As far as Betty Thursten’s family knows, she’s an immigration lawyer in Washington, D.C. But her travels to out-of-state education conferences are typically covers for Betty to carry out assignments for clandestine agency Control. She was recruited by Tom Howell, her ex-boyfriend, who removed himself from her life for years before inexplicably returning. Betty struggles with her conflicted feelings for Tom as well as her physical attraction to fellow agent Gil Richardson. Meanwhile, there seems to be a mole intent on sabotaging Control missions as it sets its sights on the World Order Cabal, an organization that’s been around for centuries. Readers hoping for cover-to-cover espionage action, though, may be a little disappointed.

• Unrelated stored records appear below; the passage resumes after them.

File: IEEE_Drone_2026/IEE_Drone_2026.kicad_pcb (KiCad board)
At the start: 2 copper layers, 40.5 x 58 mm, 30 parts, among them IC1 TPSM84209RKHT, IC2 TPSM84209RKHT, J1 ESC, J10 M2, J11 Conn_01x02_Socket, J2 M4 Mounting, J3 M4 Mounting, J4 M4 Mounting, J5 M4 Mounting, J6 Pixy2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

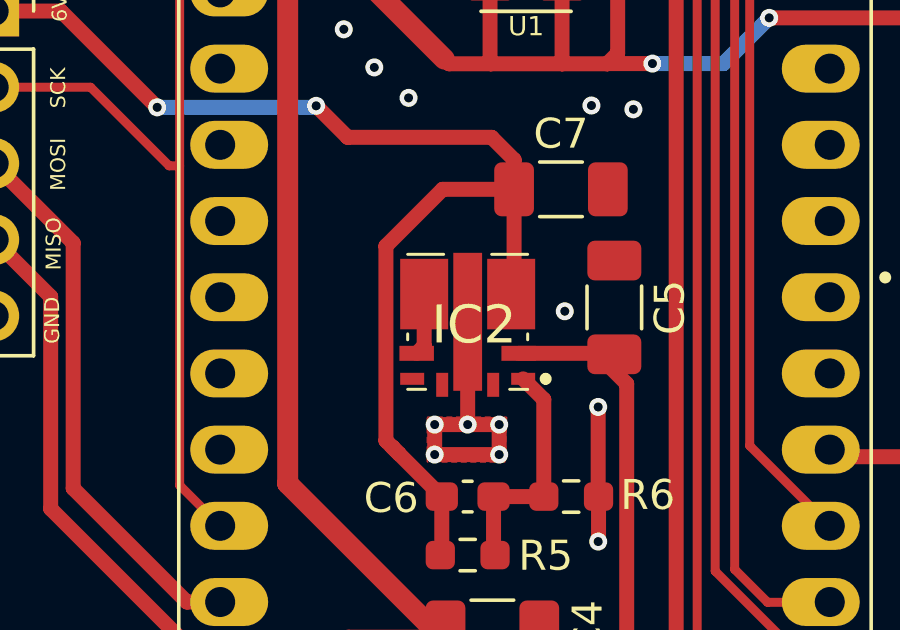
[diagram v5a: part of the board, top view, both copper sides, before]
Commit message: fixed DRC problems, 0 errors
keepout errors from the fill to remove gnd
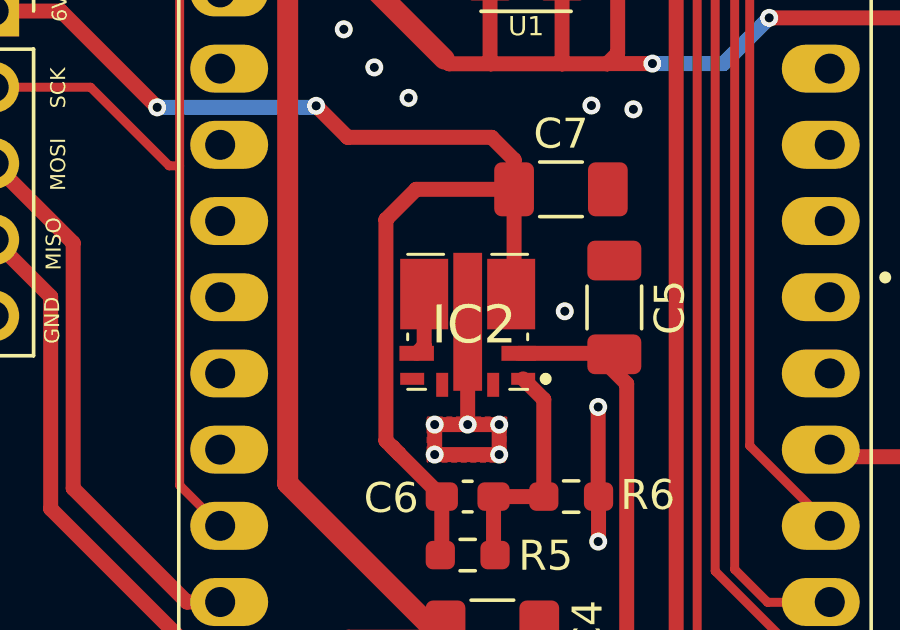
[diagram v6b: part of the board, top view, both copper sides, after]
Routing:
- net 6V: track 40.4 -> 40.9 mm
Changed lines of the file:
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@@
+	)
+	(segment
+		(start 69.69 61.24)
+		(end 67.45 61.24)
+		(width 0.5)
+		(layer "F.Cu")
+		(net 34)
+	)
+	(segment
+		(start 84.05 65.45)
+		(end 79.25 65.45)
+		(width 0.5)
+		(layer "F.Cu")
+		(net 34)
+	)
+	(segment
+		(start 84.05 65.45)
+		(end 84.7975 66.1975)
+		(width 0.5)
+		(layer "F.Cu")
+		(net 34)
+	)
+	(segment
+		(start 72.9 64.45)
+		(end 69.69 61.24)
+		(width 0.5)
+		(layer "F.Cu")
+		(net 34)
+	)
+	(segment
+		(start 84.7975 70.5775)
+		(end 84.7 70.675)
+		(width 0.5)
+		(layer "F.Cu")
+		(net 34)
+	)
+	(segment
+		(start 82.3875 77.425)
+		(end 80.96875 76.00625)
+		(width 0.5)
+		(layer "F.Cu")
+		(net 34)
+	)
+	(segment
+		(start 82.3875 77.425)
+		(end 82.3875 79.325)
+		(width 0.5)
+		(layer "F.Cu")
+		(net 34)
+	)
+	(segment
+		(start 80.524 68.193)
+		(end 81.534 67.183)
+		(width 0.5)
+		(layer "F.Cu")
+		(net 34)
+	)
+	(segment
+		(start 79.25 65.45)
+		(end 78.2 64.4)
+		(width 0.5)
+		(layer "F.Cu")
+		(net 34)
+	)
+	(segment
+		(start 81.534 67.183)
+		(end 84.7975 67.183)
+		(width 0.5)
+		(layer "F.Cu")
+		(net 34)
 	)
 	(segment
@@
 	)
 	(segment
-		(start 69.69 61.24)
-		(end 67.45 61.24)
-		(width 0.5)
-		(layer "F.Cu")
-		(net 34)
-	)
-	(segment
-		(start 84.05 65.45)
-		(end 79.25 65.45)
-		(width 0.5)
-		(layer "F.Cu")
-		(net 34)
-	)
-	(segment
-		(start 84.05 65.45)
-		(end 84.7975 66.1975)
-		(width 0.5)
-		(layer "F.Cu")
-		(net 34)
-	)
-	(segment
-		(start 72.9 64.45)
-		(end 69.69 61.24)
-		(width 0.5)
-		(layer "F.Cu")
-		(net 34)
-	)
-	(segment
-		(start 84.7975 70.5775)
-		(end 84.7 70.675)
-		(width 0.5)
-		(layer "F.Cu")
-		(net 34)
-	)
-	(segment
-		(start 82.3875 77.425)
-		(end 80.96875 76.00625)
-		(width 0.5)
-		(layer "F.Cu")
-		(net 34)
-	)
-	(segment
-		(start 82.3875 77.425)
-		(end 82.3875 79.325)
-		(width 0.5)
-		(layer "F.Cu")
-		(net 34)
-	)
-	(segment
-		(start 79.25 65.45)
-		(end 78.2 64.4)
-		(width 0.5)
-		(layer "F.Cu")
-		(net 34)
-	)
-	(segment
-		(start 80.524 75.5615)
-		(end 80.524 69.074)
-		(width 0.5)
-		(layer "F.Cu")
-		(net 34)
-	)
-	(segment
-		(start 82.415 67.183)
-		(end 84.7975 67.183)
-		(width 0.5)
-		(layer "F.Cu")
-		(net 34)
-	)
-	(segment
 		(start 80.96875 76.00625)
 		(end 80.75 75.7875)
@@
 	)
 	(segment
-		(start 80.524 69.074)
-		(end 82.415 67.183)
+		(start 80.524 75.5615)
+		(end 80.524 68.193)
 		(width 0.5)
 		(layer "F.Cu")
@@
 		(polygon
 			(pts
-				(xy 81.661 67.691) (xy 84.328 67.818) (xy 84.201 69.342) (xy 82.677 69.469) (xy 81.534 69.342)
+				(xy 81.661 67.691) (xy 83.693 68.072) (xy 84.074 69.088) (xy 82.677 69.088) (xy 81.534 68.961)
 			)
 		)

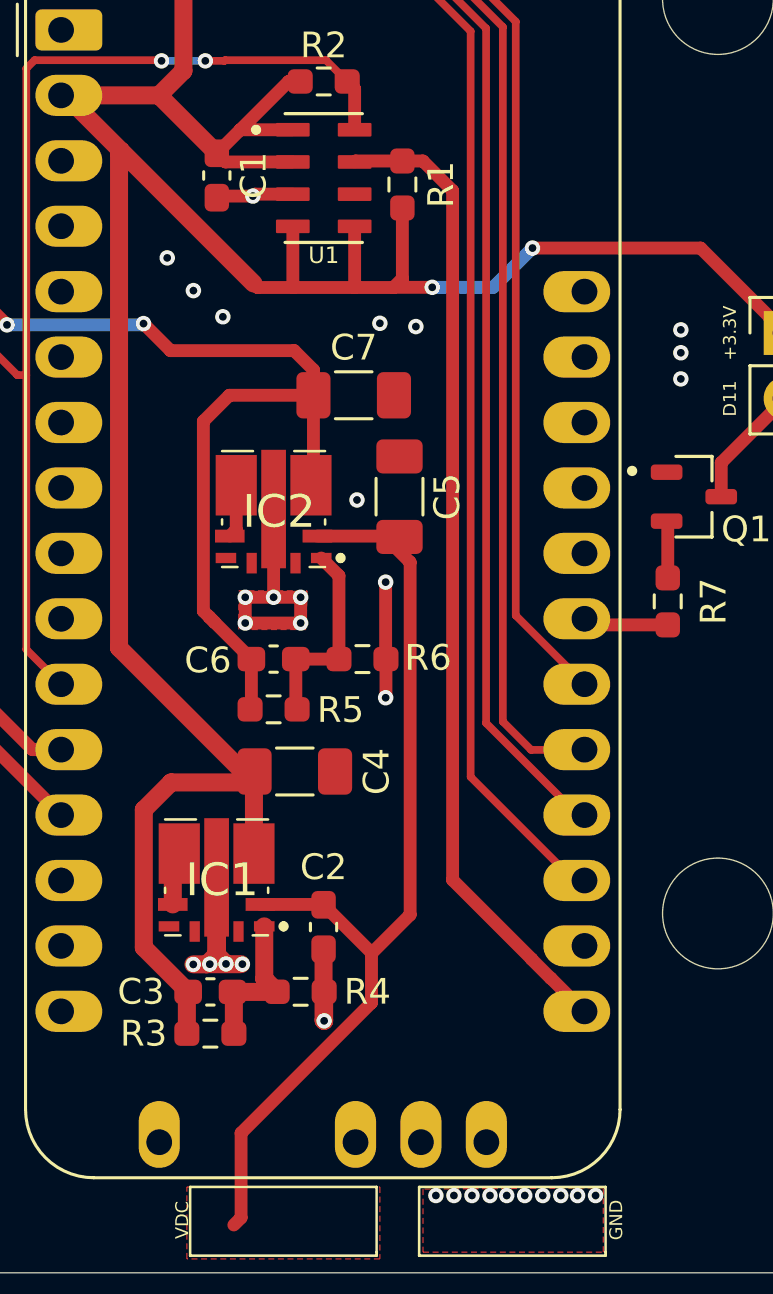
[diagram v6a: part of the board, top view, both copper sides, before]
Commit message: added a switch for VDC
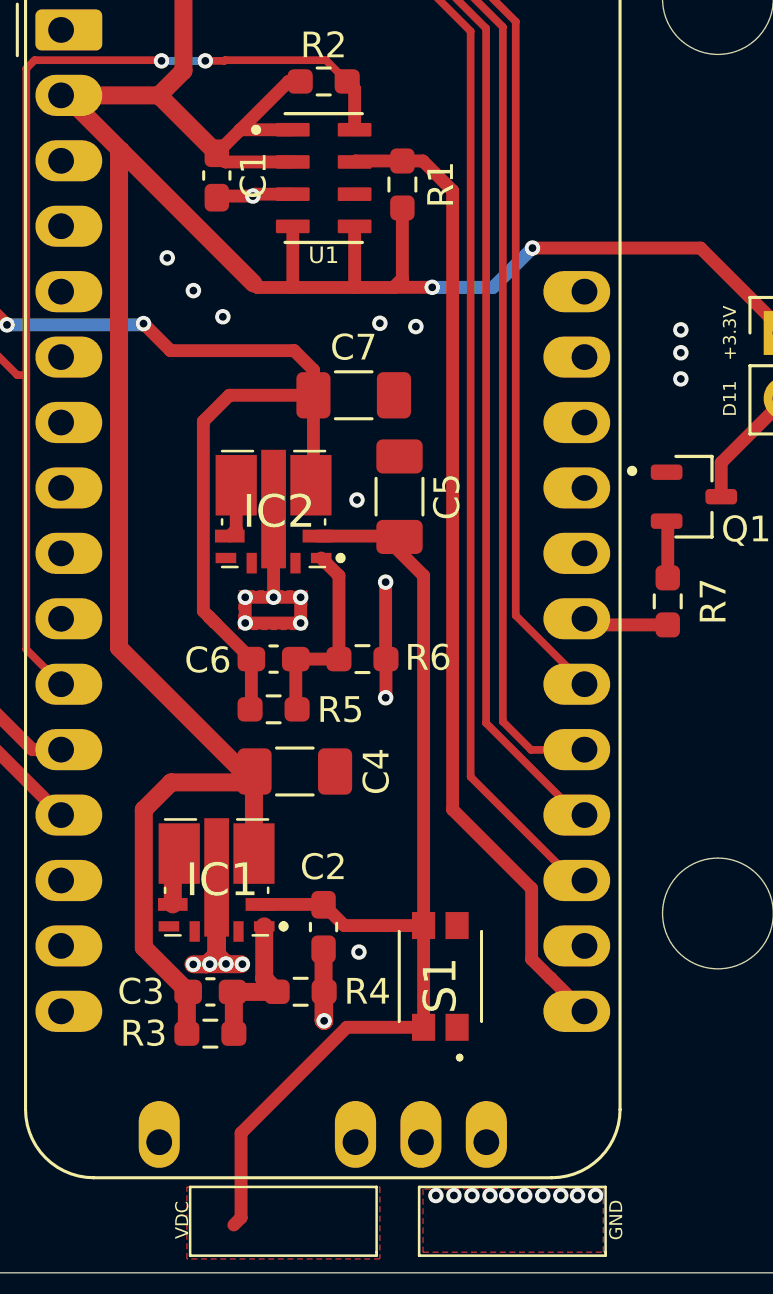
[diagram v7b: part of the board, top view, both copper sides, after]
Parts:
- added S1: SKTHAHE010, 16vbig:SKTHAHE010, F.Cu at (89.7, 89.7)
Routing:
- net +VDC: track 37.7 -> 41.4 mm
- net GND: vias 32 -> 33

Betty is unquestionably a stellar agent—a black belt in jujitsu who’s equally adept with a sniper’s rifle—but the story spends a great deal of time on events prior to her recruitment, including her relationship with Tom before he’s injured on assignment in Iraq. Mahler’s nonlinear story bounces from the present day to various flashbacks, but these energetic time jumps remain comprehensible throughout. The author also maintains a consistent level of mystery: readers eventually learn, for example, why a woman named Jil Harper is Betty’s former best friend as well as details behind the brutal murder of José Silva, Betty’s post-Tom fiance. Mahler too often lingers on Betty’s attempts to resist Gil’s physical allure—it’s perfectly clear that the two have enticing, “sculpted” bodies. But he also shows how Betty proves to be a formidable agent as she goes after significant players in the World Order Cabal. Along the way, he drops in a few good background elements, including the origins of both major spy organizations. At the same time, the story leaves some unanswered questions, such as the mole’s identity, which Mahler may be saving for a sequel.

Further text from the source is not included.